Getting IUnknown from __ComObject
I’m working in an environment with a lot of mixed managed (F#) and unmanaged (C++ COM) code. One of the big problems with this is the mix of lifetime management techniques; .NET uses garbage collection while COM relies on reference counting. Furthermore .NET garbage collection is somewhat non-deterministic, which adds further complexity.
So quite often in our mixed code-base, we find that the .NET garbage collection process doesn’t kick in when we need it to. For instance, when we’ve allocated a lot of memory in the COM code that .NET isn’t aware of. Memory exhaustion has to get pretty bad for the GC to occur at any other time than during a .NET allocation, either the system-wide low-memory event has to be signalled or an OutOfMemoryException
needs to be thrown. In both of these cases it’s probably too late to do anything about it.
In this case it’s extremely useful to be able to see what .NET objects are still alive, and what COM objects they’re hanging on to. Unfortunately this isn’t as easy as it might seem.
The COM object itself hides within a weakly-typed System.__ComObject
or a strongly-typed managed wrapper, depending on whether rich type information is available. Furthermore, a runtime controller RCW (runtime callable wrapper) is what actually holds a pointer to the object itself, and this structure is internal to mscorwks.dll.
So how can we untangle this and, on finding a __ComObject
that happens to still be alive (i.e. is not reachable in the object graph and is therefore eligible for garbage collection) identify which COM object it’s hanging on to.

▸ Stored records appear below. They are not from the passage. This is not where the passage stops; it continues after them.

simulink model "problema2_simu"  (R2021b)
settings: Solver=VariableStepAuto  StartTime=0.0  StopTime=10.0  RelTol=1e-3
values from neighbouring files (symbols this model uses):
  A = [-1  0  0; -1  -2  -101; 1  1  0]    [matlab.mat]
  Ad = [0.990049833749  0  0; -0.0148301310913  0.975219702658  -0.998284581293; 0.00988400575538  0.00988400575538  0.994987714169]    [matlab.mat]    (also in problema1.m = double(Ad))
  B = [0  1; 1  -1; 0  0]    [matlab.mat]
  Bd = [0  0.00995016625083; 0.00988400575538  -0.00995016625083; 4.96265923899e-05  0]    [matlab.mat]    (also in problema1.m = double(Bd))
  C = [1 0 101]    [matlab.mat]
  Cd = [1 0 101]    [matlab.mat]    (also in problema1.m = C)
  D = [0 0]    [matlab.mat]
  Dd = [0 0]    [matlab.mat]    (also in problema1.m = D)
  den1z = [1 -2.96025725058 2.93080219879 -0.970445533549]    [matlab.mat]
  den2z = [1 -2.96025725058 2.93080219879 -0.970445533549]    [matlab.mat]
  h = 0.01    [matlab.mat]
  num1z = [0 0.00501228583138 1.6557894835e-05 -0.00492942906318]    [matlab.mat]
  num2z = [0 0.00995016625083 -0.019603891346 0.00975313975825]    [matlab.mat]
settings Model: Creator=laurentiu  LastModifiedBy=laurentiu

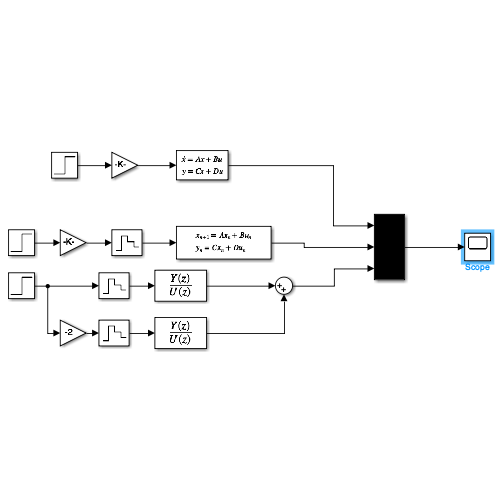
[thumbnail: Simulink's stored preview of the top-level diagram]
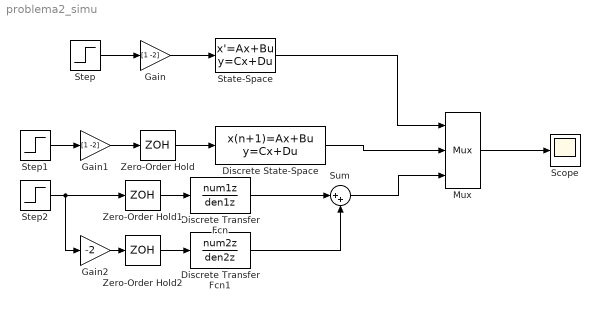
== system problema2_simu ==
  Discrete Transfer Fcn : DiscreteTransferFcn  Numerator=num1z  Denominator=den1z  SampleTime=h
  Discrete Transfer Fcn1 : DiscreteTransferFcn  Numerator=num2z  Denominator=den2z  SampleTime=h
  Discrete State-Space : DiscreteStateSpace  A=Ad  B=Bd  C=Cd  D=Dd  SampleTime=h
  Gain : Gain  Gain=[1 -2]
  Gain1 : Gain  Gain=[1 -2]
  Gain2 : Gain  Gain=-2
  Mux : Mux  Inputs=3
  Scope : Scope
  State-Space : StateSpace  A=A  B=B  C=C  D=D  InitialCondition=0
  Step : Step  SampleTime=0
  Step1 : Step  SampleTime=0
  Step2 : Step  SampleTime=0
  Sum : Sum  Inputs=|++
  Zero-Order Hold : ZeroOrderHold  SampleTime=h
  Zero-Order Hold1 : ZeroOrderHold  SampleTime=h
  Zero-Order Hold2 : ZeroOrderHold  SampleTime=h
  wires:
  Step/1 -> Gain/1
  Gain/1 -> State-Space/1
  Zero-Order Hold/1 -> Discrete State-Space/1
  State-Space/1 -> Mux/1
  Discrete State-Space/1 -> Mux/2
  Mux/1 -> Scope/1
  Step1/1 -> Gain1/1
  Gain1/1 -> Zero-Order Hold/1
  Step2/1 -> Zero-Order Hold1/1, Gain2/1
  Discrete Transfer Fcn/1 -> Sum/1
  Discrete Transfer Fcn1/1 -> Sum/2
  Sum/1 -> Mux/3
  Gain2/1 -> Zero-Order Hold2/1
  Zero-Order Hold2/1 -> Discrete Transfer Fcn1/1
  Zero-Order Hold1/1 -> Discrete Transfer Fcn/1

First of all, let’s see how many __ComObjects
are still alive. In this case, it’s only one (phew!):
0:005> !DumpHeap -type __ComObject
Address MT Size
01453b74 79306e60 16
total 1 objects
Statistics:
MT Count TotalSize Class Name
79306e60 1 16 System.__ComObject
Total 1 objects
And you remember the layout of .NET objects in memory, don’t you? Of course you do! The 4 bytes prior to the address displayed (01453b74
) are the “object header”. The exact content of the header is apparently undocumented. Let’s see what it contains (at least on a 32-bit platform, your mileage may vary):
0:005> dd 01453b74-4 L1
01453b70 08000002
According to various sources the object header contains 2 fields; a handle and a sync block index. If the object is an RCW, the handle is always 0x08000. You can use the index with SOS’s !syncblk
command to de-reference it:
0:005> !syncblk 2
Index SyncBlock MonitorHeld Recursion Owning Thread Info SyncBlock Owner
2 001e0fec 0 0 00000000 none 01453b74 System.__ComObject
-----------------------------
Total 3
CCW 0
RCW 1
ComClassFactory 0
Free 0
The sync block itself is an undocumented structure, but after a bit of investigation, it turns out that at offset 0x1c there is a pointer to a further structure that contains the “interop information”:
0:005> dd 001e0fec+1c L1
001e1008 001e9510
And from this, we can obtain a pointer to the RCW itself. We’re almost there!
0:005> dd 001e9510+c L1
001e951c 001e5380
The RCW is a pretty large structure, but for our purposes there are only a couple of interesting fields: the IUnknown pointer at 0x64, and the object’s virtual function table pointer at 0x88. If you use dds
you can easily see any symbols associated with these pointers:
0:005> dds 01e5380+64 L1
001e53e4 00ef6c24
0:005> dds 01e5380+88 L1
001e5408 00eb9710 rcwrepro!ATL::CComObject<ctestobject>::`vftable'
This is the salient information; we now know exactly what type of COM object we’re dealing with. This is obviously a bit fragile, given that it relies on structures from mscorwks that may well change in newer versions of the runtime (I’ll check on .NET 4 when I get a chance). It’s also a bit of a pain to go through all these steps manually in WinDbg, so I put together a simple extension DLL to do it automatically given the address of the __ComObject. I’ll upload that and blog about it soon.